HuR differentially regulates CD9 and CALM2 in MB-231. A. Epitope HA tagged HuR is over-expressed by 142% and 138% respectively, in stably transfected clones 4E1 and 5F1, as compared to empty vector (EV) control clone 2C7. B. HuR knock-down using lentiviral short hairpin (sh) RNA H760 results in a 94% reduction in steady state levels of protein in clone A7 (LL = lentilox control). C. HuR over-expression results in a 40% reduction in CD9 protein levels as assayed by Western analysis; however, HuR knock-down using lentiviral shRNA results in an increase from 100% to 228% of CD9 levels. D. Over-expression of HuR decreases CD9 mRNA levels but not CALM2 expression. Analysis of steady state CD9 and CALM2 mRNA levels by quantitative RT-PCR reveals significant decreases in CD9 mRNA levels, whereas CALM2 levels are unaffected. Although CALM2 expression appears greater, the change is not significant. E. Knocking down HuR levels by shRNA in MB-231 cells shows significant increases in CD9 and CALM2 mRNA levels by quantitative RT-PCR. Decreased levels of HuR mRNA validate HuR shRNA knock-down. F. Graph showing the effects of HuR on the expression of CD9 mRNA. HuR over-expression results in decreases in both mRNA and protein levels, though the decreases are greater in RNA. Whereas, HuR knock-down by shRNA results in significant increases at both the mRNA and protein levels, with greater change at transcript levels.

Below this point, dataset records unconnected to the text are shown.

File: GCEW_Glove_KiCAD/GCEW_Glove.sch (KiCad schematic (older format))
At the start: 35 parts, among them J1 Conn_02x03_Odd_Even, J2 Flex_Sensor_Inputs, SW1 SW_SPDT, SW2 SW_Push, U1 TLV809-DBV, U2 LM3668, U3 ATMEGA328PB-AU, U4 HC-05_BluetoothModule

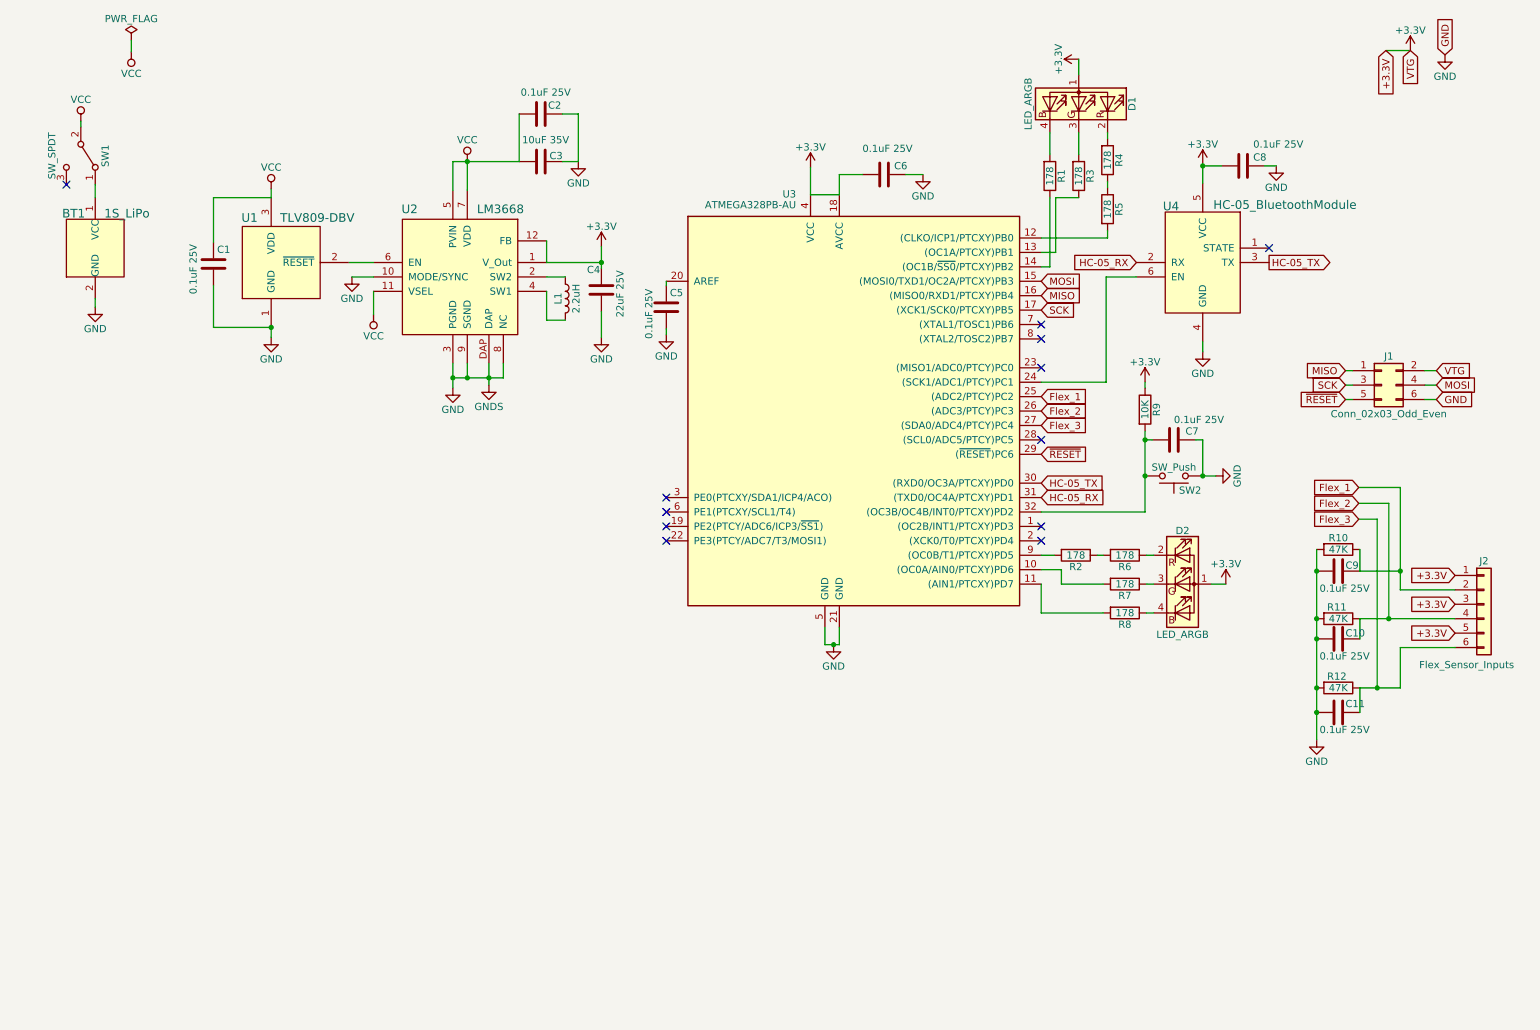
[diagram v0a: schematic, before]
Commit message: GCEW Glove Schematic Update 4
Fixed PCB design error with Bluetooth module. Added additional labels on silkscreen layers.
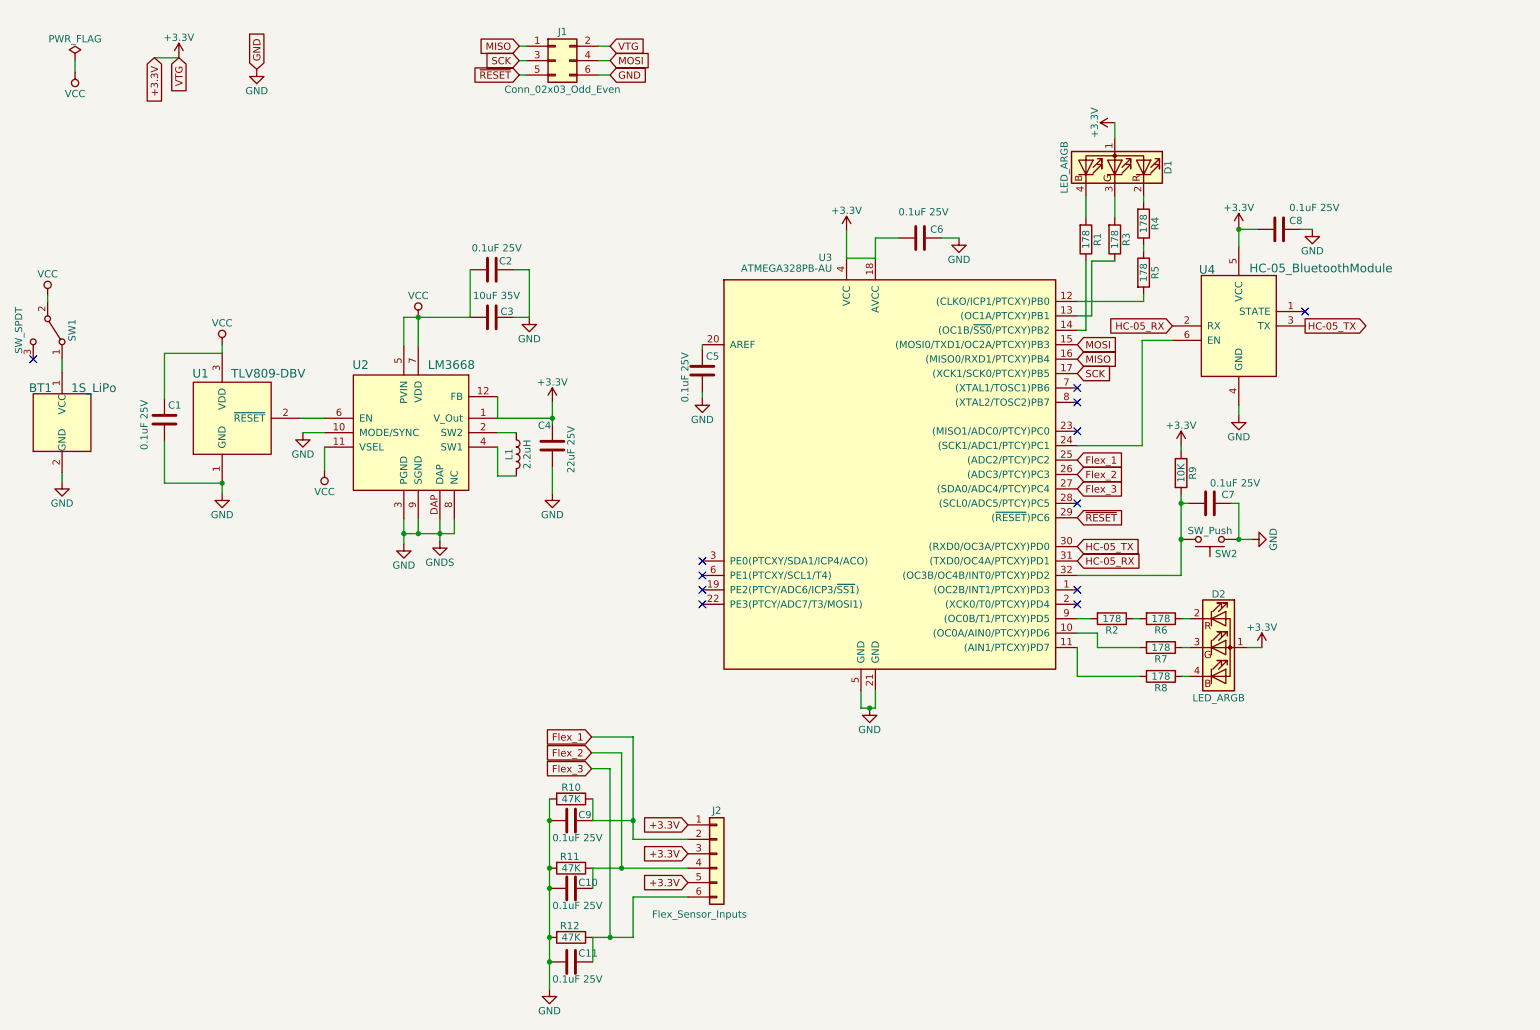
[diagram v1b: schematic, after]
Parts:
- C4: footprint Capacitors_SMD:C_0805_HandSoldering -> Capacitors_SMD:C_0805
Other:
- moved on the sheet: BT1, C1, C10, C11, C2, C3, C4, C5, C6, C7, C8, C9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

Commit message: First Upload
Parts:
- BT1: symbol 1S_LiPo -> GCEW_Glove-rescue:1S_LiPo
- C1, C10, C11, C2, C3, C4, C5, C6, C7, C8, C9: symbol C -> GCEW_Glove-rescue:C
- D1, D2: symbol LED_ARGB -> GCEW_Glove-rescue:LED_ARGB
- J1: symbol Conn_02x03_Odd_Even -> GCEW_Glove-rescue:Conn_02x03_Odd_Even
- J2: symbol Conn_01x06 -> GCEW_Glove-rescue:Conn_01x06
- L1: symbol L -> GCEW_Glove-rescue:L
- R1, R10, R11, R12, R2, R3, R4, R5, R6, R7, R8, R9: symbol R -> GCEW_Glove-rescue:R
- SW1: symbol SW_SPDT -> GCEW_Glove-rescue:SW_SPDT
- SW2: symbol SW_Push -> GCEW_Glove-rescue:SW_Push
- U1: symbol TLV809-DBV -> GCEW_Glove-rescue:TLV809-DBV
- U2: symbol LM3668 -> GCEW_Glove-rescue:LM3668
- U3: symbol ATMEGA328PB-AU -> GCEW_Glove-rescue:ATMEGA328PB-AU
- U4: symbol HC-05_BluetoothModule -> GCEW_Glove-rescue:HC-05_BluetoothModule

The dashed line represents levels in control cells. Error bars represent SEM. p value is < 0.005; N.S. = not statistically significant; * = statistically significant. All experiments were done in triplicate (n = 3).

Figure 7

Effects of over-expressing or reducing HuR on CD9 and CALM2 expression in MCF-7 cells. A. Western analysis of HuR over-expression in heterogenous population of cells reveals approximately 10% over-expression. B. Lentiviral HuR shRNA efficiently knocks down HuR protein by over 90%. C. HuR over- expression and under-expression results in small changes in CD9 protein levels in MCF-7 cells. D. Levels of both CD9 and CALM2 mRNAs are unchanged in cells which over-express HuR; whereas lentiviral knock-down of HuR in MCF-7 cells results in decreases in steady-state mRNA levels (E). The graph in (F) shows minimal changes in CD9 mRNA and protein levels in HuR over-expressing MCF-7 cells. The CD9 mRNA levels, however, are more affected in HuR knock-down. P value is < 0.005; N.S. = not statistically significant; * = statistically significant.